The operational climatologies at 0.5-degree resolution are available as images and HDF data files on the CRW website.

4. Sea Surface Temperature (SST) Anomaly

SUMMARY: CRW's SST Anomaly is produced by subtracting the long-term mean SST (for that location in that time of year) from the current value. A positive anomaly means that the current sea surface temperature is warmer than average, and a negative anomaly means it is cooler than average. The spatial resolution is 0.5-degree (50-km), and the data and images are updated twice-weekly. Animations of the most recent SST Anomaly images are also available online.

CRW's near-real-time global SST Anomaly product makes it possible to quickly pinpoint regions of elevated SSTs throughout the world oceans. It is especially valuable for the tropical regions where most of the world's coral reef ecosystems thrive. It is also very useful in assessing ENSO (El Niño-Southern Oscillation) development, monitoring hurricane "wake" cooling, observing major shifts in coastal upwellings, etc.

A twice-weekly SST anomaly at a 0.5-degree (50-km) grid is calculated by subtracting the daily climatological SST of the last day of the twice-weekly period at that grid from the corresponding twice-weekly SST (described in Sea Surface Temperature Section). The formula for obtaining the anomaly is

      SST_anomaly = SST - Daily_SST_climatology

The color range of temperature anomalies displayed on the SST Anomaly charts is -5.0 to +5.0 °C (or Kelvin). Areas with SST anomaly values less than -5.0 °C are displayed as -5.0 °C, and areas with values greater than +5.0 °C are displayed as +5.0 °C. Note that these anomalies are somewhat less reliable at high latitudes where more persistent clouds limit the amount of satellite data available for deriving accurate SST analysis fields and climatologies.

Data and images of both near-real-time and archived SST anomalies are available from the CRW website, along with the operational 0.5-degree monthly mean SST climatologies. Animations of SST Anomaly images for the past six months are also available.

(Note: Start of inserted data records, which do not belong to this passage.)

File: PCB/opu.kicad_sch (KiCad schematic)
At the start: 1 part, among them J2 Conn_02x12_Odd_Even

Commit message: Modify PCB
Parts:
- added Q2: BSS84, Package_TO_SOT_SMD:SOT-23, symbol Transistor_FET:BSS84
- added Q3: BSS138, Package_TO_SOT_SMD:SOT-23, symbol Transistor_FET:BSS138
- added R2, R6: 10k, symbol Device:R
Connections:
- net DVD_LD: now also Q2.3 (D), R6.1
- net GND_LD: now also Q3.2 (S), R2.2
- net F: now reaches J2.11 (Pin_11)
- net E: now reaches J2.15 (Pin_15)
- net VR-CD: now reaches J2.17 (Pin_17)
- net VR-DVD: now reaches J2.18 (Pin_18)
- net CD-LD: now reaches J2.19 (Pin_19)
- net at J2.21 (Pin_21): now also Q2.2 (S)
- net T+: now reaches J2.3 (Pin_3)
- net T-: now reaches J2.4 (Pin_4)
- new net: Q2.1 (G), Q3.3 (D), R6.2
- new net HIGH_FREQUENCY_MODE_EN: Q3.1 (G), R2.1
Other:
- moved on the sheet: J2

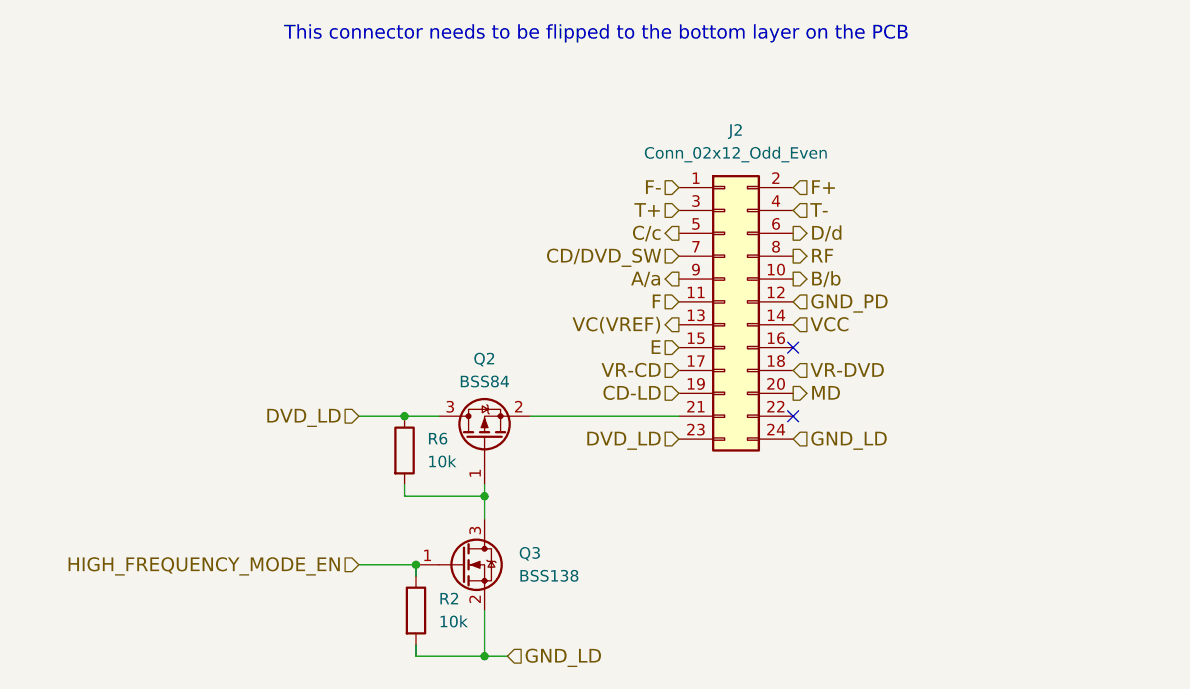
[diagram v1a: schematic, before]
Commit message: Update schematic based on testing
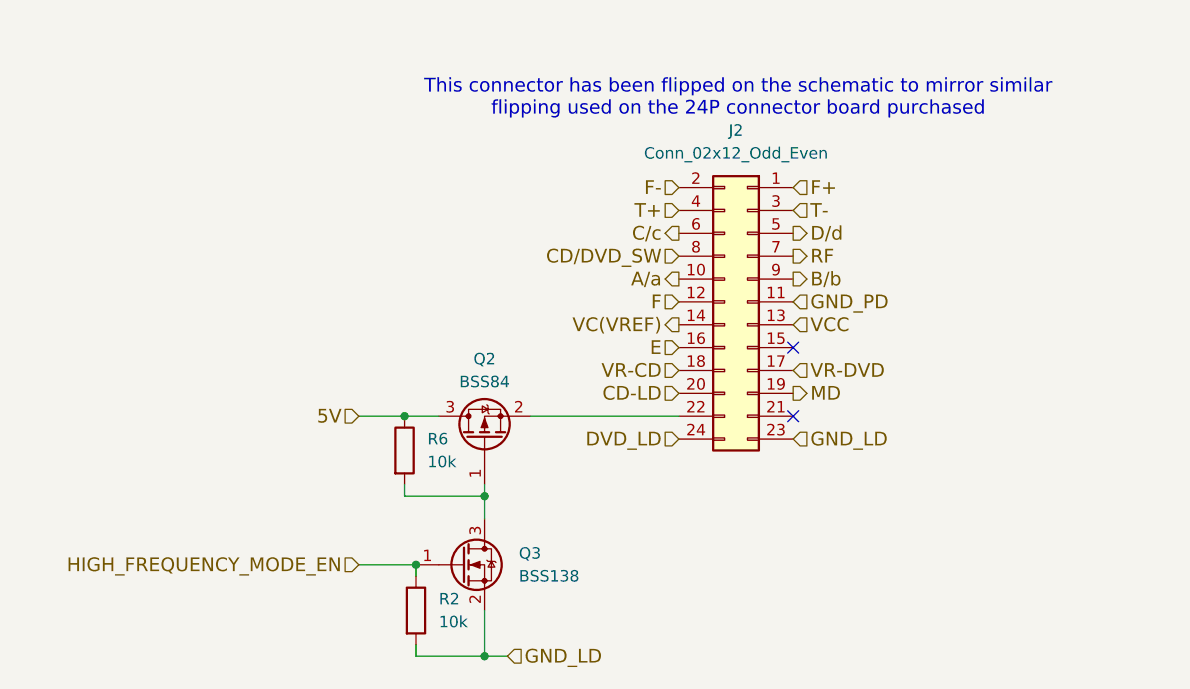
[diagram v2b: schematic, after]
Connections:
- net A/a: now also J2.10 (Pin_10); no longer J2.9 (Pin_9)
- net B/b: now also J2.9 (Pin_9); no longer J2.10 (Pin_10)
- net CD-LD: now also J2.20 (Pin_20); no longer J2.19 (Pin_19)
- net CD/DVD_SW: now also J2.8 (Pin_8); no longer J2.7 (Pin_7)
- net C/c: now also J2.6 (Pin_6); no longer J2.5 (Pin_5)
- net DVD_LD: now also J2.24 (Pin_24); no longer J2.23 (Pin_23), Q2.3 (D), R6.1
- net D/d: now also J2.5 (Pin_5); no longer J2.6 (Pin_6)
- net E: now also J2.16 (Pin_16); no longer J2.15 (Pin_15)
- net F: now also J2.12 (Pin_12); no longer J2.11 (Pin_11)
- net F+: now also J2.1 (Pin_1); no longer J2.2 (Pin_2)
- net F-: now also J2.2 (Pin_2); no longer J2.1 (Pin_1)
- net GND_LD: now also J2.23 (Pin_23); no longer J2.24 (Pin_24)
- net GND_PD: now also J2.11 (Pin_11); no longer J2.12 (Pin_12)
- net MD: now also J2.19 (Pin_19); no longer J2.20 (Pin_20)
- net RF: now also J2.7 (Pin_7); no longer J2.8 (Pin_8)
- net T+: now also J2.4 (Pin_4); no longer J2.3 (Pin_3)
- net T-: now also J2.3 (Pin_3); no longer J2.4 (Pin_4)
- net VC(VREF): now also J2.14 (Pin_14); no longer J2.13 (Pin_13)
- net VCC: now also J2.13 (Pin_13); no longer J2.14 (Pin_14)
- net VR-CD: now also J2.18 (Pin_18); no longer J2.17 (Pin_17)
- net VR-DVD: now also J2.17 (Pin_17); no longer J2.18 (Pin_18)
- net at Q2.2 (S): now also J2.22 (Pin_22); no longer J2.21 (Pin_21)
- new net 5V: Q2.3 (D), R6.1
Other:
- note added: "This connector has been flipped on the schematic to mirror similar flipping used on the 24P connector board purchased"
- note removed: "This connector needs to be flipped to the bottom layer on the PCB"
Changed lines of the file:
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@@
 	)
 	(image
-		(at 203.454 99.314)
+		(at 226.822 90.424)
 		(scale 2.27311)
 		(data "iVBORw0KGgoAAAANSUhEUgAAAloAAAF4CAIAAAADtcAdAAAAA3NCSVQICAjb4U/gAAAgAElEQVR4"
@@
 		)
 	)
-	(text "This connector needs to be flipped to the bottom layer on the PCB\n"
+	(text "This connector has been flipped on the schematic to mirror similar \nflipping used on the 24P connector board purchased\n"
 		(exclude_from_sim no)
-		(at 101.346 57.912 0)
+		(at 117.094 65.024 0)
 		(effects
 			(font
@@
 		)
 	)
-	(hierarchical_label "DVD_LD"
+	(hierarchical_label "5V"
 		(shape input)
 		(at 74.93 100.33 180)
@@
 	(symbol
 		(lib_id "Connector_Generic:Conn_02x12_Odd_Even")
-		(at 115.57 87.63 0)
+		(at 118.11 87.63 0)
+		(mirror y)
 		(unit 1)
 		(exclude_from_sim no)
@@
 		(on_board yes)
 		(dnp no)
-		(fields_autoplaced yes)
 		(property "Reference" "J2"
 			(at 116.84 68.58 0)
@@
 		)
 		(property "Footprint" "Connector_PinHeader_2.54mm:PinHeader_2x12_P2.54mm_Vertical"
-			(at 115.57 87.63 0)
+			(at 118.11 87.63 0)
 			(effects
 				(font
@@
 		)
 		(property "Datasheet" "~"
-			(at 115.57 87.63 0)
+			(at 118.11 87.63 0)
 			(effects
 				(font
@@
 		)
 		(property "Description" "Generic connector, double row, 02x12, odd/even pin numbering scheme (row 1 odd numbers, row 2 even numbers), script generated (kicad-library-utils/schlib/autogen/connector/)"
-			(at 115.57 87.63 0)
+			(at 118.11 87.63 0)
 			(effects
 				(font

Charts of the retrospective 1984-1998 monthly mean SST anomalies are available online at 36-km resolution.

5. Coral Bleaching HotSpot

SUMMARY: Corals are vulnerable to bleaching when the SST exceeds the temperatures normally experienced in the hottest month. This is shown in the Coral Bleaching HotSpot product, which highlights regions where the SST is currently warmer than the highest climatological monthly mean SST for that location. The HotSpot value of 1.0 °C is a threshold for thermal stress leading to coral bleaching. To highlight this threshold, HotSpot values below 1.0 °C are shown in purple, and HotSpots of 1.0 °C or greater range from yellow to red. Global images and data sets are at 0.5-degree (50-km) resolution and are updated twice-weekly. Animations of the most recent HotSpot images are also available online.

CRW's Coral Bleaching HotSpot product measures the occurrence and magnitude of thermal stress potentially conducive to coral bleaching. It is an anomaly product, but not a typical climatological SST anomaly which is based on the average of all SSTs. The HotSpot anomaly is based on the climatological mean SST of the hottest month (often referred to as the Maximum of the Monthly Mean (MMM) SST climatology) (Liu et al., 2003; Liu et al., 2005; Skirving, 2006). This MMM SST climatology is simply the highest of the monthly mean SST climatologies described in the Climatology section. The Coral Bleaching HotSpots became available in 1997 (Strong et al., 1997), using a technique based on the earlier work by Goreau and Hayes (1994). Glynn and D'Croz (1990) showed that temperatures exceeding 1 °C above the usual summertime maximum are sufficient to cause stress to corals. Based on this study, MMM SST climatology was derived as a threshold for monitoring coral bleaching.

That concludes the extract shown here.